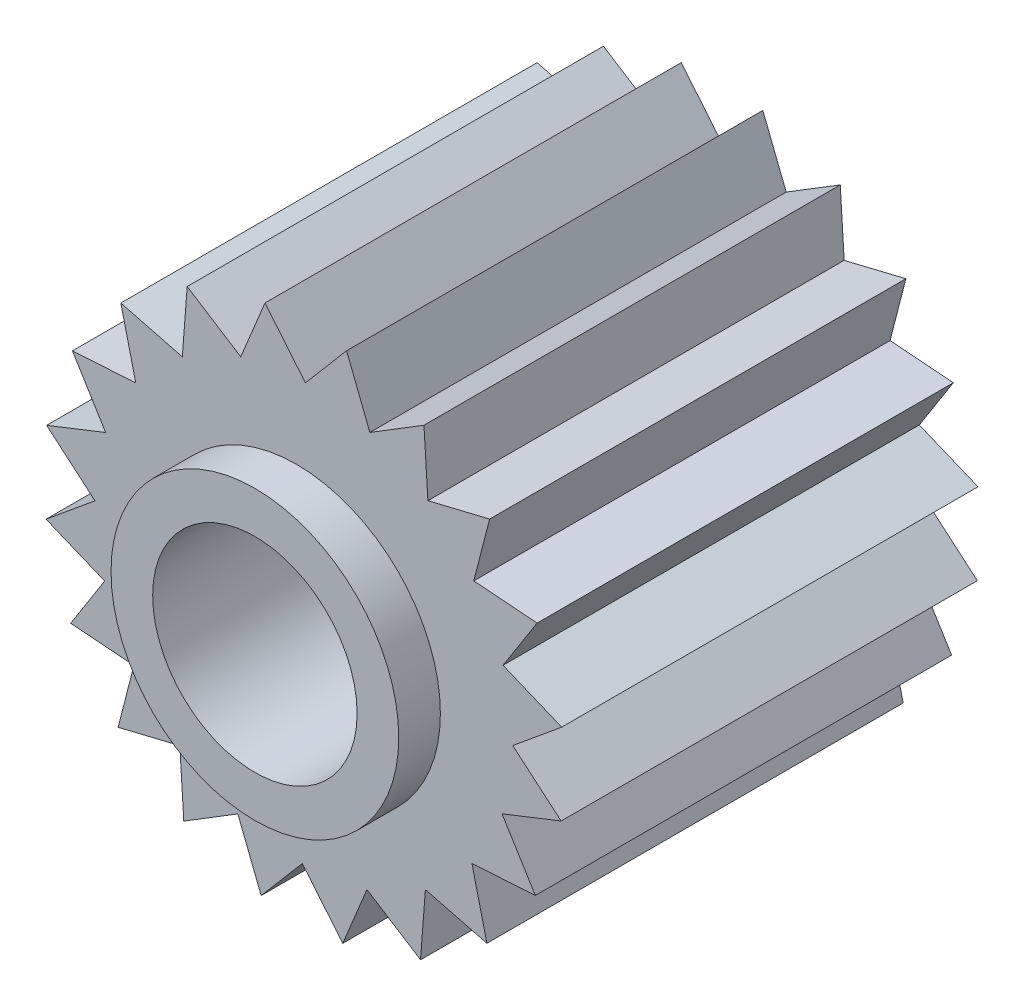
from build123d import *

# Parameters (mm, degrees)
SKETCH1_R           = 2.455762573
BOSS_EXTRUDE2_DEPTH = 10
SKETCH2_R           = 3.455762573
SKETCH2_R_2         = 2.455762573
BOSS_EXTRUDE3_DEPTH = 1


with BuildPart() as part:
    # Sketch1 → Boss-Extrude2 (new body)
    with BuildSketch(Plane.XY):
        Polygon((-1.339170865, 5.022694112), (-0.758059631, 6.433255275), (0.213267394, 5.256863813), (1.201824391, 6.418813952), (1.762086335, 4.999842629), (3.061322248, 5.799441968), (3.155676767, 4.276789583), (4.638413333, 4.635767768), (4.25762435, 3.158482146), (5.778720983, 3.041699891), (4.960062776, 1.75438804), (6.370623939, 1.173276806), (5.194232478, 0.20194978), (6.356182616, -0.786607217), (4.937211293, -1.346869161), (5.736810633, -2.646105074), (4.214158248, -2.740459593), (4.573136433, -4.223196159), (3.09585081, -3.842407175), (2.979068555, -5.363503808), (1.691756704, -4.544845601), (1.11064547, -5.955406764), (0.139318444, -4.779015303), (-0.849238553, -5.940965442), (-1.409500496, -4.521994119), (-2.708736409, -5.321593458), (-2.803090929, -3.798941073), (-4.285827494, -4.157919258), (-3.905038511, -2.680633635), (-5.426135144, -2.563851381), (-4.607476937, -1.27653953), (-6.0180381, -0.695428296), (-4.841646639, 0.27589873), (-6.003596778, 1.264455727), (-4.584625455, 1.824717671), (-5.384224794, 3.123953584), (-3.861572409, 3.218308103), (-4.220550594, 4.701044669), (-2.743264971, 4.320255686), (-2.626482716, 5.841352318), align=None)
        Circle(SKETCH1_R, mode=Mode.SUBTRACT)
    extrude(amount=BOSS_EXTRUDE2_DEPTH)

    # Sketch2 → Boss-Extrude3 (add)
    with BuildSketch(Plane.XY.offset(10)):
        with Locations(Location((0, 0, 0), (0, 0, 180))):
            Circle(SKETCH2_R)
        Circle(SKETCH2_R_2, mode=Mode.SUBTRACT)
    boss_extrude3 = extrude(amount=BOSS_EXTRUDE3_DEPTH)

    # Mirror1: Boss-Extrude3 across plane
    add(boss_extrude3.mirror(Plane.XY.offset(5)))


solid = part.part

---------------

WORK INSTRUCTIONS:
Wherever a line in the entries above holds "mode", copy that line.

WRITTEN RESPONSE:
        Circle(SKETCH1_R, mode=Mode.SUBTRACT)
        Circle(SKETCH2_R_2, mode=Mode.SUBTRACT)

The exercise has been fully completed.